What is required -
Some of the lines below need repeating. Reproduce exactly those between the lines holding "#28=CARTESIAN_POINT('',(31.5729280241779,15.104642199671,10.));" and "#65=DIRECTION('',(0.,0.,-1.));", inclusive.

Excerpts from a dataset:
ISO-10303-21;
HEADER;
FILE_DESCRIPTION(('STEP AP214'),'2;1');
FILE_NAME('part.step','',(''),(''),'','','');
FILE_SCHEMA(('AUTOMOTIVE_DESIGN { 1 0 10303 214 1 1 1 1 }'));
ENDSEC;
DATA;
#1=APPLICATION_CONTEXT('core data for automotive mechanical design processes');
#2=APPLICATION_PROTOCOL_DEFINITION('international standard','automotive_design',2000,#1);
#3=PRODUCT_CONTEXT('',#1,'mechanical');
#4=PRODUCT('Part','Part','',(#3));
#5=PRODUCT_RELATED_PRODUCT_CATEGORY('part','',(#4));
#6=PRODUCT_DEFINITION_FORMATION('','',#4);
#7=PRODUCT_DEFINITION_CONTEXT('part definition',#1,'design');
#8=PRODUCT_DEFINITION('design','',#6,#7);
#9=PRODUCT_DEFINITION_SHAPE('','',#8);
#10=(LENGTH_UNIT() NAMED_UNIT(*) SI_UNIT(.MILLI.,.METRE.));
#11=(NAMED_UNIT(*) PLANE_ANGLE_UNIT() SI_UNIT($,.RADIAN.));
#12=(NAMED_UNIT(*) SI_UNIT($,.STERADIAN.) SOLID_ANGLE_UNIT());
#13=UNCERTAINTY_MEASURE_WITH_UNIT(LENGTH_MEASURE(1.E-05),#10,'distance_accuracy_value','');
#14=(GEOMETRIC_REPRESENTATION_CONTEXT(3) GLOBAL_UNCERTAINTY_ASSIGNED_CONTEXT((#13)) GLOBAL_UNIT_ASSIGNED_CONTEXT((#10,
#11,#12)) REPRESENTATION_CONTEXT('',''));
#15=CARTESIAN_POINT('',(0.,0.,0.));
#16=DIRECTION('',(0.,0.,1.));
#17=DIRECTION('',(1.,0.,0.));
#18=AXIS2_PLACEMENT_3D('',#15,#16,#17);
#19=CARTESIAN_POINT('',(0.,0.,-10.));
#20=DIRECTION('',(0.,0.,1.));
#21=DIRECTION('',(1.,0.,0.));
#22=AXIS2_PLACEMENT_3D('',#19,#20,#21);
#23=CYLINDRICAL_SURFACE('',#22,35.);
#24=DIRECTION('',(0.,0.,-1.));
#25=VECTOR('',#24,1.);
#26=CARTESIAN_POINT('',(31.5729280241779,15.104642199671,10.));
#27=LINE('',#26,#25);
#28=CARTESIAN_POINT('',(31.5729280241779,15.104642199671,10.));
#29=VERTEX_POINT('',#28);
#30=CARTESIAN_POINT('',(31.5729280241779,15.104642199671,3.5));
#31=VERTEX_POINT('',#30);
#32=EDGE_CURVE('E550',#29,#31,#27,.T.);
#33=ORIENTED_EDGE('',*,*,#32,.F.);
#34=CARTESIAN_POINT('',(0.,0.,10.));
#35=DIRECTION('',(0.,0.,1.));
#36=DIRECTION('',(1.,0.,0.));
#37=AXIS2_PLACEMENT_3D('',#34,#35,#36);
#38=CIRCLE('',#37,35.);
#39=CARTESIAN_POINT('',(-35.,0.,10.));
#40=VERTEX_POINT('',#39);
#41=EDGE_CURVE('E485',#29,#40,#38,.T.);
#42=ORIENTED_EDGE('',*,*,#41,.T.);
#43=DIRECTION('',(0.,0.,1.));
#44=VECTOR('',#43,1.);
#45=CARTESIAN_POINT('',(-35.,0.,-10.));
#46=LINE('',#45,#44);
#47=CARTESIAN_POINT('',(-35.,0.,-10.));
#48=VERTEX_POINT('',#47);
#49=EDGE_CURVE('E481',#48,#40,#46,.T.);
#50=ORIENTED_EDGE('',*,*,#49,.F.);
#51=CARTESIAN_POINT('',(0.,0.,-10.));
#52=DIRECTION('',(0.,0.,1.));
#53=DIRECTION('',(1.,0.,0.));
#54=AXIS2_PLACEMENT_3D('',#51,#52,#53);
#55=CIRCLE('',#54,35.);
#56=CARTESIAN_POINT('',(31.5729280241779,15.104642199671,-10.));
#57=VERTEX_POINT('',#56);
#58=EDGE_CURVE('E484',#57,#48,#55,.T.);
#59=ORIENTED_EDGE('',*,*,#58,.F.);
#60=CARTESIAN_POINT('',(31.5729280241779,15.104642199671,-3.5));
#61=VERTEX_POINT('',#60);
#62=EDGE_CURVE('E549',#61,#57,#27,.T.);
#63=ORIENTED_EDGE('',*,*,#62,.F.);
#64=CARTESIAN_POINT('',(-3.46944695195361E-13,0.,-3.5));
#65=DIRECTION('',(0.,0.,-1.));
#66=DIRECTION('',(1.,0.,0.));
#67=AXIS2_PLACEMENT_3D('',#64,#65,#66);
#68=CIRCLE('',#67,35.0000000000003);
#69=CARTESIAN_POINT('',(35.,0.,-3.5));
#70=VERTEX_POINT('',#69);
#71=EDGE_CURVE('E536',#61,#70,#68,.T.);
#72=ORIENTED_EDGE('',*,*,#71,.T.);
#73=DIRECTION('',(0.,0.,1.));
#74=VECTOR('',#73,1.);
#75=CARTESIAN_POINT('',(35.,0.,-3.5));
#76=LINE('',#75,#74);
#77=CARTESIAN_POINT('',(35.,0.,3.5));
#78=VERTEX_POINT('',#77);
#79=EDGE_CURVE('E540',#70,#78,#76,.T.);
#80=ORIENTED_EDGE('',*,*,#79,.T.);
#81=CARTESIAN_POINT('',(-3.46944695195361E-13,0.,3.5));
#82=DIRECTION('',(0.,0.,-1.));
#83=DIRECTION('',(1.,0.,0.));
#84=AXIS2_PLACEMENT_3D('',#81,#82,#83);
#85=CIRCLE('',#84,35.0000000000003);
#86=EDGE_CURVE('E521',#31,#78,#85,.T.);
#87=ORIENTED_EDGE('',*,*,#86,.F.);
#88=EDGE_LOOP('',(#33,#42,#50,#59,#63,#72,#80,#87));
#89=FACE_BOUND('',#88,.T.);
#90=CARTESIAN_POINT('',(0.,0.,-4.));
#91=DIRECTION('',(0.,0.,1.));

Response area -
#28=CARTESIAN_POINT('',(31.5729280241779,15.104642199671,10.));
#29=VERTEX_POINT('',#28);
#30=CARTESIAN_POINT('',(31.5729280241779,15.104642199671,3.5));
#31=VERTEX_POINT('',#30);
#32=EDGE_CURVE('E550',#29,#31,#27,.T.);
#33=ORIENTED_EDGE('',*,*,#32,.F.);
#34=CARTESIAN_POINT('',(0.,0.,10.));
#35=DIRECTION('',(0.,0.,1.));
#36=DIRECTION('',(1.,0.,0.));
#37=AXIS2_PLACEMENT_3D('',#34,#35,#36);
#38=CIRCLE('',#37,35.);
#39=CARTESIAN_POINT('',(-35.,0.,10.));
#40=VERTEX_POINT('',#39);
#41=EDGE_CURVE('E485',#29,#40,#38,.T.);
#42=ORIENTED_EDGE('',*,*,#41,.T.);
#43=DIRECTION('',(0.,0.,1.));
#44=VECTOR('',#43,1.);
#45=CARTESIAN_POINT('',(-35.,0.,-10.));
#46=LINE('',#45,#44);
#47=CARTESIAN_POINT('',(-35.,0.,-10.));
#48=VERTEX_POINT('',#47);
#49=EDGE_CURVE('E481',#48,#40,#46,.T.);
#50=ORIENTED_EDGE('',*,*,#49,.F.);
#51=CARTESIAN_POINT('',(0.,0.,-10.));
#52=DIRECTION('',(0.,0.,1.));
#53=DIRECTION('',(1.,0.,0.));
#54=AXIS2_PLACEMENT_3D('',#51,#52,#53);
#55=CIRCLE('',#54,35.);
#56=CARTESIAN_POINT('',(31.5729280241779,15.104642199671,-10.));
#57=VERTEX_POINT('',#56);
#58=EDGE_CURVE('E484',#57,#48,#55,.T.);
#59=ORIENTED_EDGE('',*,*,#58,.F.);
#60=CARTESIAN_POINT('',(31.5729280241779,15.104642199671,-3.5));
#61=VERTEX_POINT('',#60);
#62=EDGE_CURVE('E549',#61,#57,#27,.T.);
#63=ORIENTED_EDGE('',*,*,#62,.F.);
#64=CARTESIAN_POINT('',(-3.46944695195361E-13,0.,-3.5));
#65=DIRECTION('',(0.,0.,-1.));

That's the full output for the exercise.